> **Exercise inputs**:
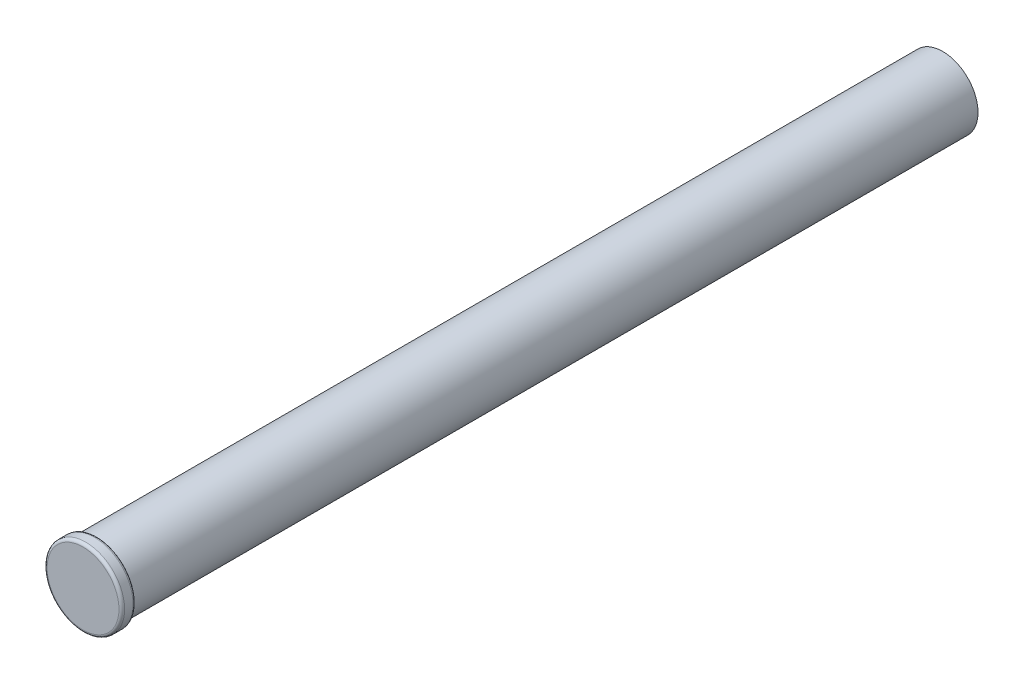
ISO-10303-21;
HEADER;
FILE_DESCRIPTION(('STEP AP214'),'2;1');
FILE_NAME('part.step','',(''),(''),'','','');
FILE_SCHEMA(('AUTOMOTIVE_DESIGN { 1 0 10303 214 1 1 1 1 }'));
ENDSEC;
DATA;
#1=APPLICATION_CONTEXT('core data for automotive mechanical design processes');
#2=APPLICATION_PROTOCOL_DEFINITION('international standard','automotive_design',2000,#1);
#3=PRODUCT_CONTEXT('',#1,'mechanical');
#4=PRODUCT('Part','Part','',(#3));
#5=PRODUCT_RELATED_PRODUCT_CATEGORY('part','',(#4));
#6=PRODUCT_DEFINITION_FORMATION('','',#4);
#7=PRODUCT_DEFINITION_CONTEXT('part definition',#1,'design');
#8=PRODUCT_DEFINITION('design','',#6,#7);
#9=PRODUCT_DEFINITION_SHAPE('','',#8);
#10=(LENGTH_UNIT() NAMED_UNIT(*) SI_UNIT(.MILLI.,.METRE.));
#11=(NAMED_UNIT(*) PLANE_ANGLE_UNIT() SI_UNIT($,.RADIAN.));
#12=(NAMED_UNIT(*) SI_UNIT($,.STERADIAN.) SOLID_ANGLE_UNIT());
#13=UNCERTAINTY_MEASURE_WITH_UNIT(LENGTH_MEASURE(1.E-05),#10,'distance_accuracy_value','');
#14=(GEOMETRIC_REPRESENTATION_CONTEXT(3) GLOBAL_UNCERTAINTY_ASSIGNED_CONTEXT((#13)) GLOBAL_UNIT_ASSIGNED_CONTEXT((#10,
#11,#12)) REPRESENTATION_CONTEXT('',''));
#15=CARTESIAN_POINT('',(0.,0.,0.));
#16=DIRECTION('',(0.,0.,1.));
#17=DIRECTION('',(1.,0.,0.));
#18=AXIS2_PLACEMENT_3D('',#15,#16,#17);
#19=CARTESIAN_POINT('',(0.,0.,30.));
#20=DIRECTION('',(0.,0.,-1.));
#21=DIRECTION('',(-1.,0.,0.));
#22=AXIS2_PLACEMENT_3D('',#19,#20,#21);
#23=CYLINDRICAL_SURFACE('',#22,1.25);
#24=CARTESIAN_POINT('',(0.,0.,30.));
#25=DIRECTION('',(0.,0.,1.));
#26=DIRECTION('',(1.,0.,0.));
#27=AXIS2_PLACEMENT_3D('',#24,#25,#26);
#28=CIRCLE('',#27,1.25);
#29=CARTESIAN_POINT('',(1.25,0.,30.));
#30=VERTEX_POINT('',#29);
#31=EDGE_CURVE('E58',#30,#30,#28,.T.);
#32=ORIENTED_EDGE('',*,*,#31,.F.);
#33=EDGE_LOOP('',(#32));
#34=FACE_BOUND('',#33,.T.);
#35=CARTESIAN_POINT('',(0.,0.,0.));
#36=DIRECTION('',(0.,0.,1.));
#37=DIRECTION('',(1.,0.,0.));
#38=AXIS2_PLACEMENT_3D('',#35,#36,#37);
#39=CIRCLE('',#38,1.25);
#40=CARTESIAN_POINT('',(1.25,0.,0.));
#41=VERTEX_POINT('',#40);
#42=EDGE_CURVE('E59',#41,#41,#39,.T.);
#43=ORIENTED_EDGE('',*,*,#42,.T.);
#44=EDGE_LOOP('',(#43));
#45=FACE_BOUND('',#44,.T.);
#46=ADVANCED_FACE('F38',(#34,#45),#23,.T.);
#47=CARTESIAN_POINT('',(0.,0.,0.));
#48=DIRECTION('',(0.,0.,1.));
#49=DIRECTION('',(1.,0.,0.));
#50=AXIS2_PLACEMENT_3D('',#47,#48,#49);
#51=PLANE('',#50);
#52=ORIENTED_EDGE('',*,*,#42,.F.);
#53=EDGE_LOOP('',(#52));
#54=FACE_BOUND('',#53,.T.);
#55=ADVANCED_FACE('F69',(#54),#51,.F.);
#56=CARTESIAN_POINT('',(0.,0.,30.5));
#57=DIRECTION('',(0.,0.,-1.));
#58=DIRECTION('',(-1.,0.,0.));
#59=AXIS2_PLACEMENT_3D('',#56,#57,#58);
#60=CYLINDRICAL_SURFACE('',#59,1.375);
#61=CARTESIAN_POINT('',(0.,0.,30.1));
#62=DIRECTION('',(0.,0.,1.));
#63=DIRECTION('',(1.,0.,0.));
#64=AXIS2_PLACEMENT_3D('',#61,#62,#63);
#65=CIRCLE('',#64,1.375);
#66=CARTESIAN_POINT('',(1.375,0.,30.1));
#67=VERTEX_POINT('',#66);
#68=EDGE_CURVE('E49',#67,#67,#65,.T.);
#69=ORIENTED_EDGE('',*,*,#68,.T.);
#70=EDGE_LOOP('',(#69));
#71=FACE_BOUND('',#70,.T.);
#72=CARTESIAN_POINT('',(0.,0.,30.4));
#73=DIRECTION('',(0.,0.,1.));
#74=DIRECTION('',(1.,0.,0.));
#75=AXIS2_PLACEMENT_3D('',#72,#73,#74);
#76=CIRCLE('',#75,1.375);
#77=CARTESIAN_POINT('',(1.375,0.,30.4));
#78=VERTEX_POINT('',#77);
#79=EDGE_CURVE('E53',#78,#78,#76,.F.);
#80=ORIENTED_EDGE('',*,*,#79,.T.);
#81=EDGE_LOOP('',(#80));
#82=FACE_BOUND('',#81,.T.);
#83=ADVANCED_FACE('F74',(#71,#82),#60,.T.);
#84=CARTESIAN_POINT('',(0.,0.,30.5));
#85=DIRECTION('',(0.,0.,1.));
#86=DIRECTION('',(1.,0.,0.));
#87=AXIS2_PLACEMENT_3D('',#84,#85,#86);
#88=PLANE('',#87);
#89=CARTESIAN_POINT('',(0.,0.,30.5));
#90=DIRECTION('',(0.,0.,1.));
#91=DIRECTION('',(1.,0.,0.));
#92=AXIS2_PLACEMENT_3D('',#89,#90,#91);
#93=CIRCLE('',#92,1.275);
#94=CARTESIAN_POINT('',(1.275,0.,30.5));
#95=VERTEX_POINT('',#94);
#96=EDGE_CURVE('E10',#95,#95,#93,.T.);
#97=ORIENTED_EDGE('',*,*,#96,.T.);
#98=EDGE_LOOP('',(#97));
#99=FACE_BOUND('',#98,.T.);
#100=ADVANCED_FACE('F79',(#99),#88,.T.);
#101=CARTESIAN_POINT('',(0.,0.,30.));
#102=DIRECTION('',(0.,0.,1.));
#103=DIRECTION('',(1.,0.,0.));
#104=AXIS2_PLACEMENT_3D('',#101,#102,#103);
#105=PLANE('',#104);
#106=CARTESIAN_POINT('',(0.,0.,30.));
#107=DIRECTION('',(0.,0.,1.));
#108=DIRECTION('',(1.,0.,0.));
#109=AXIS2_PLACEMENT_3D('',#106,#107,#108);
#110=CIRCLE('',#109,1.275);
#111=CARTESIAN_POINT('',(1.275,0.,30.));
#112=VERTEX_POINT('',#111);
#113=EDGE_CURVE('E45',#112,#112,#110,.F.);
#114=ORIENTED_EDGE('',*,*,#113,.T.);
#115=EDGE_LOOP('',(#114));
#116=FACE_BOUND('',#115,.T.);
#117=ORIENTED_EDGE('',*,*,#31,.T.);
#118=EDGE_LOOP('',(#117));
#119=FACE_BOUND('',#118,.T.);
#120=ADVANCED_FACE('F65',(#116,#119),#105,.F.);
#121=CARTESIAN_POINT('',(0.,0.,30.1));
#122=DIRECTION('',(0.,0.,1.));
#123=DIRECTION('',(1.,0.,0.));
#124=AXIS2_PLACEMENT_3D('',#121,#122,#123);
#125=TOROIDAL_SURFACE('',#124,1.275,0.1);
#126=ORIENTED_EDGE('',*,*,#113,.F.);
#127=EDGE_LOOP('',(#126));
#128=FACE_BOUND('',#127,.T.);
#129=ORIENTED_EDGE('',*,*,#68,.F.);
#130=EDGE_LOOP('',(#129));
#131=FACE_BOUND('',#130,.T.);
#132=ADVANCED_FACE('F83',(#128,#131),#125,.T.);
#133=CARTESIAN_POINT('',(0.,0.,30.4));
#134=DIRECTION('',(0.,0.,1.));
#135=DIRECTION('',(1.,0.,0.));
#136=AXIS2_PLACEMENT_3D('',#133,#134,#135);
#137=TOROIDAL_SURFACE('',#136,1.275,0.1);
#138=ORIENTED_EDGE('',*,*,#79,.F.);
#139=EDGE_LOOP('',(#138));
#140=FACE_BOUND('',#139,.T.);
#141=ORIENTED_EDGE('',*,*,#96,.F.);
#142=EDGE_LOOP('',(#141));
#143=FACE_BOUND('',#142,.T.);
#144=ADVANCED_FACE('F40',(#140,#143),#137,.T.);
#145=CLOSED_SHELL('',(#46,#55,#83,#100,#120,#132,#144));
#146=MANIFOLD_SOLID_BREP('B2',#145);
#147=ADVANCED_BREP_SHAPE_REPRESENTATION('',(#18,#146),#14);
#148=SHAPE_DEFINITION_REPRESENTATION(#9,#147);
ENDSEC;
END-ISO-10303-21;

> **What this task involves**:
Print exactly the lines above, between the one holding "#125=TOROIDAL_SURFACE('',#124,1.275,0.1);" and the one holding "#132=ADVANCED_FACE('F83',(#128,#131),#125,.T.);", inclusive, and nothing besides.

> **Solution to the exercise**:
#125=TOROIDAL_SURFACE('',#124,1.275,0.1);
#126=ORIENTED_EDGE('',*,*,#113,.F.);
#127=EDGE_LOOP('',(#126));
#128=FACE_BOUND('',#127,.T.);
#129=ORIENTED_EDGE('',*,*,#68,.F.);
#130=EDGE_LOOP('',(#129));
#131=FACE_BOUND('',#130,.T.);
#132=ADVANCED_FACE('F83',(#128,#131),#125,.T.);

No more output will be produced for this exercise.